MATERIAL FOR THIS TASK Start Marker
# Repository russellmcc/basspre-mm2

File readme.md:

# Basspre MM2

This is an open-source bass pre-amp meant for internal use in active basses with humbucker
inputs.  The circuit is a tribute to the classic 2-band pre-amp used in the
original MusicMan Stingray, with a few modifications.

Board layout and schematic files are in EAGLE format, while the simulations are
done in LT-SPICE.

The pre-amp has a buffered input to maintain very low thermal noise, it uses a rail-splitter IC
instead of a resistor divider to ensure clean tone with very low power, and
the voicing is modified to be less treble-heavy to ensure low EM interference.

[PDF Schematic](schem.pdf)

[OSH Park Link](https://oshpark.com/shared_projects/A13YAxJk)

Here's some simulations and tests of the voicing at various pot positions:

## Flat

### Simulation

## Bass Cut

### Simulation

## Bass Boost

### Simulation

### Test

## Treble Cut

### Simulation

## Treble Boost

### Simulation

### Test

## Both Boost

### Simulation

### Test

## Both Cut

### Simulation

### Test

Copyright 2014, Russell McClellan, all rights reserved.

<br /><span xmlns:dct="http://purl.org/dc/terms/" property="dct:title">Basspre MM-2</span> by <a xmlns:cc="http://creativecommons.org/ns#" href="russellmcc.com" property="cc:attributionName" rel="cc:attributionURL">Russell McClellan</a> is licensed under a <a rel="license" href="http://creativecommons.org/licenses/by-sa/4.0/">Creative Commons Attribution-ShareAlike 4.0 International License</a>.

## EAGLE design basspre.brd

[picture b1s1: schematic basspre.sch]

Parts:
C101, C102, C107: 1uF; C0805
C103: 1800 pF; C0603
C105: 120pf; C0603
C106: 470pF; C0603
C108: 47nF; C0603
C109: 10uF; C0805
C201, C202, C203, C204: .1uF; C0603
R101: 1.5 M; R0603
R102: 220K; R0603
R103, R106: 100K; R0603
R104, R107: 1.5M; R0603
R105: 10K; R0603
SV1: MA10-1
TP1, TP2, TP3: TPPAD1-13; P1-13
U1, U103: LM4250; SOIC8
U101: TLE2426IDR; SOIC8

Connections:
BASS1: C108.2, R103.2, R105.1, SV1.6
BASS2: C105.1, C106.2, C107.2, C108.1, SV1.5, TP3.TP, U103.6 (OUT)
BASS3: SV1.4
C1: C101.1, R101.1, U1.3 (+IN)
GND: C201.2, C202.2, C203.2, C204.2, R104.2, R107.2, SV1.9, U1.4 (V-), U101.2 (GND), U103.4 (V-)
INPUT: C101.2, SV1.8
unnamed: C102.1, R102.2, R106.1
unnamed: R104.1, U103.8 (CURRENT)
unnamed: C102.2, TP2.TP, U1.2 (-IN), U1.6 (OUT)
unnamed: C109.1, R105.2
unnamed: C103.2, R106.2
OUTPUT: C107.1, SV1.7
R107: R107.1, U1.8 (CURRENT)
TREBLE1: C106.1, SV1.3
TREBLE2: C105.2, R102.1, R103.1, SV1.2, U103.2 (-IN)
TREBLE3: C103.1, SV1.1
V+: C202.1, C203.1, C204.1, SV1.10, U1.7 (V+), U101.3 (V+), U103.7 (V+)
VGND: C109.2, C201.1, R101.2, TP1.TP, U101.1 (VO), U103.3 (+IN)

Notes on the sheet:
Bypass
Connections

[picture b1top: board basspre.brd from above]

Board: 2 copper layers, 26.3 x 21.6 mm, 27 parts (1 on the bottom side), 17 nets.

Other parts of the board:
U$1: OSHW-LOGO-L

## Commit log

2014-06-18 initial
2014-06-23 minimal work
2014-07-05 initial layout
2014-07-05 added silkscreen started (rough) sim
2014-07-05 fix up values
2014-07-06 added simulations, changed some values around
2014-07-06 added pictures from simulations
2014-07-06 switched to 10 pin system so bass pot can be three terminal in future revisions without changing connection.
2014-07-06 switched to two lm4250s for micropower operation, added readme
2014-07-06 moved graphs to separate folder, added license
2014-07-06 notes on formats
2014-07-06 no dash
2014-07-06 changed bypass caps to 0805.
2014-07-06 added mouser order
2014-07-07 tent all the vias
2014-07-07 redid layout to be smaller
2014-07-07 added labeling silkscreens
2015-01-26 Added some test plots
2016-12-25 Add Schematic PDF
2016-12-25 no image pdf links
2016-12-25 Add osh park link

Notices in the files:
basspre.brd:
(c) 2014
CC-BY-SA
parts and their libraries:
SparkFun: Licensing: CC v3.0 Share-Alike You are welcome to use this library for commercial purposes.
MATERIAL FOR THIS TASK End Marker
Read through the entries, then copy every line where the string "unnamed" is found.

**RESULT OF THIS EXERCISE:**
unnamed: C102.1, R102.2, R106.1
unnamed: R104.1, U103.8 (CURRENT)
unnamed: C102.2, TP2.TP, U1.2 (-IN), U1.6 (OUT)
unnamed: C109.1, R105.2
unnamed: C103.2, R106.2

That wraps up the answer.